The GO based gene set enrichment analysis of the GO terms associated with the selected genes in our meta-analysis did not show that any GO term is overrepresented with high statistical significance. However, the p-values calculated in the gene set enrichment analysis provide a useful ranking of the GO annotation terms that we used to select the genes shown in table for characterization of the biological functions represented by the selected genes. Among the GO annotation terms associated with the genes selected in our meta-analysis, the GO-based gene set enrichment analysis highly ranked the cell cycle associated GO terms. The up-regulation of the expression of cell cycle genes in aggressive neuroblastoma tumours was already observed by Krasnoselsky et al. [
26] in a comparison of tumours of different stages and
MYCN amplification status, where patient outcome was not regarded. In addition to the cell cycle genes, gene set enrichment analysis of the GO terms associated with the significant genes resulted in high rankings of three other GO terms known to be affected in tumorigenesis: DNA damage response, negative regulation of MAPK activity [
27] and Wnt receptor signalling pathway [
28]. For DNA-damage response genes, higher expression can be observed in tumours with a unfavourable outcome than in tumours with favourable outcome. This effect can also be seen in other tumour entities like prostate cancer. For the gene
APEX1, gene expression data is available in the gene expression data repository Oncomine [
29] that shows increasing expression according to tumour malignancy (Additional File
1). This effect might be caused by accumulated genetic abberations in tumours with unfavourable outcome which trigger the activity of DNA-damage response genes.
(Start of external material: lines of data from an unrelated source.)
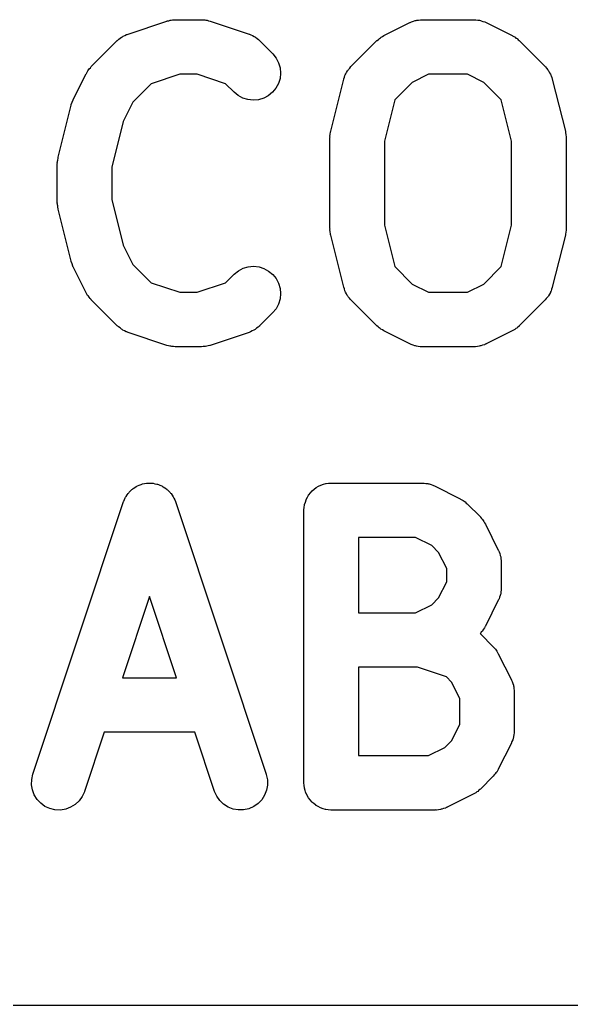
# Model space of a CAD drawing. Extents: x 102 to 177, y -151 to -48.
# Drawn here: x 145.36 to 148.39, y -59.06 to -53.64 of the extents above; entities that cross this region are included whole.
import ezdxf

# ---------------------------------------------------------------- set-up
doc = ezdxf.new("R2010")
doc.units = 0
doc.layers.add('BLACK', color=7, linetype='CONTINUOUS')

msp = doc.modelspace()

# ---------------------------------------------------------------- linework, layer by layer
at = {"layer": 'BLACK', "linetype": 'CONTINUOUS'}
for p, q in [((145.953, -53.7177), (146.167, -53.6463)), ((146.167, -53.6463), (146.169, -53.6456)), ((146.169, -53.6456), (146.177, -53.6439)), ((146.177, -53.6439), (146.185, -53.6414)), ((146.185, -53.6414), (146.191, -53.6408)), ((146.191, -53.6408), (146.197, -53.6395)), ((146.197, -53.6395), (146.206, -53.6394)), ((146.206, -53.6394), (146.214, -53.6386)), ((146.214, -53.6386), (146.357, -53.6386)), ((146.357, -53.6386), (146.359, -53.6386)), ((146.359, -53.6386), (146.368, -53.6395)), ((146.368, -53.6395), (146.376, -53.6398)), ((146.376, -53.6398), (146.382, -53.6412)), ((146.382, -53.6412), (146.388, -53.6418)), ((146.388, -53.6418), (146.396, -53.6444)), ((146.396, -53.6444), (146.405, -53.6463)), ((146.405, -53.6463), (146.619, -53.7177)), ((147.514, -53.6499), (147.524, -53.6469)), ((147.524, -53.6469), (147.534, -53.6434)), ((147.534, -53.6434), (147.538, -53.6427)), ((147.538, -53.6427), (147.542, -53.6414)), ((147.542, -53.6414), (147.552, -53.6404)), ((147.552, -53.6404), (147.563, -53.6388)), ((147.563, -53.6388), (147.567, -53.639)), ((147.567, -53.639), (147.571, -53.6386)), ((147.571, -53.6386), (147.857, -53.6386)), ((147.857, -53.6386), (147.859, -53.6386)), ((147.859, -53.6386), (147.864, -53.6391)), ((147.864, -53.6391), (147.868, -53.639)), ((147.868, -53.639), (147.878, -53.6407)), ((147.878, -53.6407), (147.888, -53.6418)), ((147.888, -53.6418), (147.893, -53.6432)), ((147.893, -53.6432), (147.897, -53.6439)), ((147.897, -53.6439), (147.906, -53.6476)), ((147.361, -53.7258), (147.504, -53.6544)), ((147.504, -53.6544), (147.506, -53.6535)), ((147.506, -53.6535), (147.51, -53.652)), ((147.51, -53.652), (147.514, -53.6499)), ((147.906, -53.6476), (147.916, -53.6507)), ((147.916, -53.6507), (147.92, -53.6528)), ((147.92, -53.6528), (147.924, -53.6544)), ((147.924, -53.6544), (148.067, -53.7258)), ((145.751, -53.8968), (145.894, -53.7539)), ((145.894, -53.7539), (145.895, -53.7525)), ((145.895, -53.7525), (145.899, -53.7497)), ((145.899, -53.7497), (145.902, -53.7465)), ((145.902, -53.7465), (145.91, -53.7406)), ((145.91, -53.7406), (145.918, -53.7342)), ((145.918, -53.7342), (145.922, -53.7322)), ((145.922, -53.7322), (145.926, -53.7296)), ((145.926, -53.7296), (145.935, -53.7254)), ((145.935, -53.7254), (145.944, -53.7207)), ((145.944, -53.7207), (145.949, -53.7195)), ((145.949, -53.7195), (145.953, -53.7177)), ((146.619, -53.7177), (146.621, -53.7184)), ((146.621, -53.7184), (146.625, -53.7202)), ((146.625, -53.7202), (146.629, -53.7215)), ((146.629, -53.7215), (146.638, -53.7264)), ((146.638, -53.7264), (146.647, -53.7307)), ((146.647, -53.7307), (146.651, -53.7333)), ((146.651, -53.7333), (146.655, -53.7354)), ((146.655, -53.7354), (146.663, -53.7419)), ((146.663, -53.7419), (146.671, -53.7479)), ((146.671, -53.7479), (146.674, -53.7511)), ((146.674, -53.7511), (146.677, -53.7539)), ((146.677, -53.7539), (146.749, -53.8254)), ((147.18, -53.8968), (147.323, -53.7539)), ((147.323, -53.7539), (147.324, -53.7525)), ((147.324, -53.7525), (147.331, -53.7472)), ((147.331, -53.7472), (147.337, -53.7414)), ((147.337, -53.7414), (147.342, -53.7381)), ((147.342, -53.7381), (147.347, -53.7342)), ((147.347, -53.7342), (147.354, -53.7303)), ((147.354, -53.7303), (147.361, -53.7258)), ((148.067, -53.7258), (148.069, -53.7268)), ((148.069, -53.7268), (148.076, -53.7314)), ((148.076, -53.7314), (148.083, -53.7354)), ((148.083, -53.7354), (148.088, -53.7393)), ((148.088, -53.7393), (148.094, -53.7427)), ((148.094, -53.7427), (148.1, -53.7486)), ((148.1, -53.7486), (148.106, -53.7539)), ((148.106, -53.7539), (148.249, -53.8968)), ((146.749, -53.8254), (146.75, -53.8269)), ((146.75, -53.8269), (146.769, -53.8497)), ((146.769, -53.8497), (146.782, -53.8757)), ((145.732, -53.9194), (145.736, -53.9146)), ((145.736, -53.9146), (145.74, -53.9093)), ((145.74, -53.9093), (145.746, -53.9033)), ((145.746, -53.9033), (145.751, -53.8968)), ((146.782, -53.8757), (146.79, -53.9038)), ((146.79, -53.9038), (146.793, -53.933)), ((147.161, -53.9194), (147.164, -53.9159)), ((147.164, -53.9159), (147.166, -53.9121)), ((147.166, -53.9121), (147.173, -53.9046)), ((147.173, -53.9046), (147.18, -53.8968)), ((148.249, -53.8968), (148.25, -53.8983)), ((148.25, -53.8983), (148.257, -53.9062)), ((148.257, -53.9062), (148.264, -53.9138)), ((148.264, -53.9138), (148.266, -53.9176)), ((148.266, -53.9176), (148.269, -53.9212)), ((145.652, -54.0786), (145.723, -53.9358)), ((145.723, -53.9358), (145.724, -53.9339)), ((145.724, -53.9339), (145.729, -53.9268)), ((145.729, -53.9268), (145.732, -53.9194)), ((146.239, -53.9386), (146.081, -53.9911)), ((146.333, -53.9386), (146.239, -53.9386)), ((146.49, -53.9911), (146.333, -53.9386)), ((146.79, -53.9621), (146.781, -53.99)), ((146.793, -53.933), (146.79, -53.9621)), ((147.069, -54.2522), (147.14, -53.9665)), ((147.14, -53.9665), (147.141, -53.9644)), ((147.141, -53.9644), (147.144, -53.9549)), ((147.144, -53.9549), (147.147, -53.9452)), ((147.147, -53.9452), (147.149, -53.9412)), ((147.149, -53.9412), (147.151, -53.937)), ((147.151, -53.937), (147.156, -53.9284)), ((147.156, -53.9284), (147.161, -53.9194)), ((147.607, -53.9386), (147.517, -53.9833)), ((147.822, -53.9386), (147.607, -53.9386)), ((147.911, -53.9833), (147.822, -53.9386)), ((148.269, -53.9212), (148.273, -53.9302)), ((148.273, -53.9302), (148.279, -53.9389)), ((148.279, -53.9389), (148.28, -53.9432)), ((148.28, -53.9432), (148.282, -53.9472)), ((148.282, -53.9472), (148.285, -53.9569)), ((148.285, -53.9569), (148.288, -53.9665)), ((148.288, -53.9665), (148.36, -54.2522)), ((146.081, -53.9911), (145.98, -54.0917)), ((146.537, -54.0375), (146.49, -53.9911)), ((146.767, -54.0157), (146.748, -54.0382)), ((146.781, -53.99), (146.767, -54.0157)), ((147.517, -53.9833), (147.421, -54.0795)), ((148.007, -54.0795), (147.911, -53.9833)), ((145.646, -54.0929), (145.651, -54.0799)), ((145.651, -54.0793), (145.652, -54.0786)), ((145.651, -54.0799), (145.651, -54.0793)), ((146.559, -54.0561), (146.537, -54.0375)), ((146.585, -54.0699), (146.559, -54.0561)), ((146.613, -54.0785), (146.585, -54.0699)), ((146.642, -54.0814), (146.613, -54.0785)), ((146.671, -54.0787), (146.642, -54.0814)), ((146.7, -54.0703), (146.671, -54.0787)), ((146.725, -54.0567), (146.7, -54.0703)), ((146.748, -54.0382), (146.725, -54.0567)), ((147.421, -54.0795), (147.364, -54.307)), ((148.064, -54.307), (148.007, -54.0795)), ((145.569, -54.395), (145.64, -54.1093)), ((145.64, -54.1093), (145.641, -54.1073)), ((145.641, -54.106), (145.646, -54.0929)), ((145.641, -54.1067), (145.641, -54.106)), ((145.641, -54.1073), (145.641, -54.1067)), ((145.98, -54.0917), (145.927, -54.1981)), ((145.927, -54.1981), (145.864, -54.4499)), ((147.064, -54.2811), (147.066, -54.2693)), ((147.065, -54.2838), (147.064, -54.2811)), ((147.064, -54.2865), (147.065, -54.2838)), ((147.064, -54.2886), (147.064, -54.2865)), ((147.064, -54.7886), (147.064, -54.2886)), ((147.066, -54.2693), (147.068, -54.2574)), ((147.068, -54.2548), (147.069, -54.2522)), ((147.068, -54.2574), (147.068, -54.2548)), ((148.36, -54.2522), (148.36, -54.2542)), ((148.36, -54.2542), (148.361, -54.2569)), ((148.361, -54.2569), (148.361, -54.2594)), ((148.361, -54.2594), (148.363, -54.2714)), ((148.363, -54.2714), (148.364, -54.2832)), ((148.364, -54.2832), (148.364, -54.2859)), ((148.364, -54.2859), (148.364, -54.2886)), ((148.364, -54.2886), (148.364, -54.7886)), ((147.364, -54.307), (147.364, -54.7701)), ((148.064, -54.7701), (148.064, -54.307)), ((145.566, -54.4121), (145.568, -54.4002)), ((145.568, -54.3977), (145.569, -54.395)), ((145.568, -54.4002), (145.568, -54.3977)), ((145.564, -54.424), (145.566, -54.4121)), ((145.565, -54.4267), (145.564, -54.424)), ((145.564, -54.4293), (145.565, -54.4267)), ((145.564, -54.4314), (145.564, -54.4293)), ((145.564, -54.6457), (145.564, -54.4314)), ((145.864, -54.4499), (145.864, -54.6272)), ((145.565, -54.6484), (145.564, -54.6457)), ((145.564, -54.651), (145.565, -54.6484)), ((145.566, -54.6629), (145.564, -54.651)), ((145.567, -54.6748), (145.566, -54.6629)), ((145.568, -54.6774), (145.567, -54.6748)), ((145.568, -54.6801), (145.568, -54.6774)), ((145.864, -54.6272), (145.927, -54.8791)), ((145.569, -54.6821), (145.568, -54.6801)), ((145.64, -54.9678), (145.569, -54.6821)), ((147.364, -54.7701), (147.421, -54.9976)), ((148.007, -54.9976), (148.064, -54.7701)), ((147.065, -54.7912), (147.064, -54.7886)), ((147.064, -54.7939), (147.065, -54.7912)), ((147.066, -54.8058), (147.064, -54.7939)), ((147.067, -54.8177), (147.066, -54.8058)), ((147.068, -54.8203), (147.067, -54.8177)), ((147.068, -54.8229), (147.068, -54.8203)), ((147.069, -54.825), (147.068, -54.8229)), ((147.14, -55.1107), (147.069, -54.825)), ((148.36, -54.825), (148.288, -55.1107)), ((148.361, -54.8198), (148.36, -54.8223)), ((148.36, -54.8223), (148.36, -54.825)), ((148.362, -54.8078), (148.361, -54.8198)), ((148.364, -54.796), (148.362, -54.8078)), ((148.364, -54.7886), (148.364, -54.7907)), ((148.364, -54.7907), (148.364, -54.7933)), ((148.364, -54.7933), (148.364, -54.796)), ((145.927, -54.8791), (145.98, -54.9854)), ((145.64, -54.9685), (145.64, -54.9678)), ((145.641, -54.9691), (145.64, -54.9685)), ((145.645, -54.9823), (145.641, -54.9691)), ((145.65, -54.9954), (145.645, -54.9823)), ((145.65, -54.996), (145.65, -54.9954)), ((145.651, -54.9966), (145.65, -54.996)), ((145.652, -54.9985), (145.651, -54.9966)), ((145.723, -55.1414), (145.652, -54.9985)), ((145.98, -54.9854), (146.081, -55.086)), ((146.587, -55.0064), (146.615, -54.9983)), ((146.615, -54.9983), (146.644, -54.9957)), ((146.644, -54.9957), (146.674, -54.9989)), ((146.674, -54.9989), (146.701, -55.0076)), ((147.421, -54.9976), (147.517, -55.0939)), ((147.911, -55.0939), (148.007, -54.9976)), ((146.49, -55.086), (146.537, -55.0396)), ((146.537, -55.0396), (146.538, -55.0382)), ((146.538, -55.0382), (146.561, -55.0199)), ((146.561, -55.0199), (146.587, -55.0064)), ((146.701, -55.0076), (146.727, -55.0217)), ((146.727, -55.0217), (146.75, -55.0404)), ((146.75, -55.0404), (146.768, -55.0631)), ((146.081, -55.086), (146.239, -55.1386)), ((146.333, -55.1386), (146.49, -55.086)), ((146.768, -55.0631), (146.782, -55.089)), ((146.782, -55.089), (146.79, -55.1171)), ((147.144, -55.1202), (147.14, -55.1107)), ((147.517, -55.0939), (147.607, -55.1386)), ((147.822, -55.1386), (147.911, -55.0939)), ((148.288, -55.1107), (148.288, -55.1127)), ((145.727, -55.1485), (145.723, -55.1414)), ((145.731, -55.156), (145.727, -55.1485)), ((145.735, -55.1609), (145.731, -55.156)), ((145.739, -55.1661), (145.735, -55.1609)), ((145.744, -55.1723), (145.739, -55.1661)), ((146.239, -55.1386), (146.333, -55.1386)), ((146.79, -55.1171), (146.793, -55.1462)), ((146.793, -55.1462), (146.79, -55.1754)), ((147.146, -55.13), (147.144, -55.1202)), ((147.149, -55.134), (147.146, -55.13)), ((147.15, -55.1382), (147.149, -55.134)), ((147.155, -55.147), (147.15, -55.1382)), ((147.16, -55.156), (147.155, -55.147)), ((147.163, -55.1595), (147.16, -55.156)), ((147.165, -55.1634), (147.163, -55.1595)), ((147.172, -55.1709), (147.165, -55.1634)), ((147.607, -55.1386), (147.822, -55.1386)), ((148.262, -55.1651), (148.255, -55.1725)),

While interpreting the analysis of gene expression for non-amplified advanced stage neuroblastoma tumours with regard to patient outcome, the influence of the therapy that all these patients have received has to be taken into account, as differences of the gene expression profiles with regard to patient outcome may not only reflect tumour malignancy but also tumour responsiveness to the therapy.
Although only a small number of patients were available for generation and assessment of a predictive model, outcome prediction based on data of both studies (only genes common to both platforms) yielded good results. Both patients with favourable and unfavourable outcome were classified with good results as indicated by a balanced ratio of sensitivity and specificity. This shows the potential of the approach to use data of different gene expression studies to derive predictive models for patient subgroups where gene expression data is rare. However, for stable and compact (in terms of the number of used genes) predictive models, a larger total number of samples is needed [
30] which could be realised by combination of future gene expression profiling studies with the approach used here.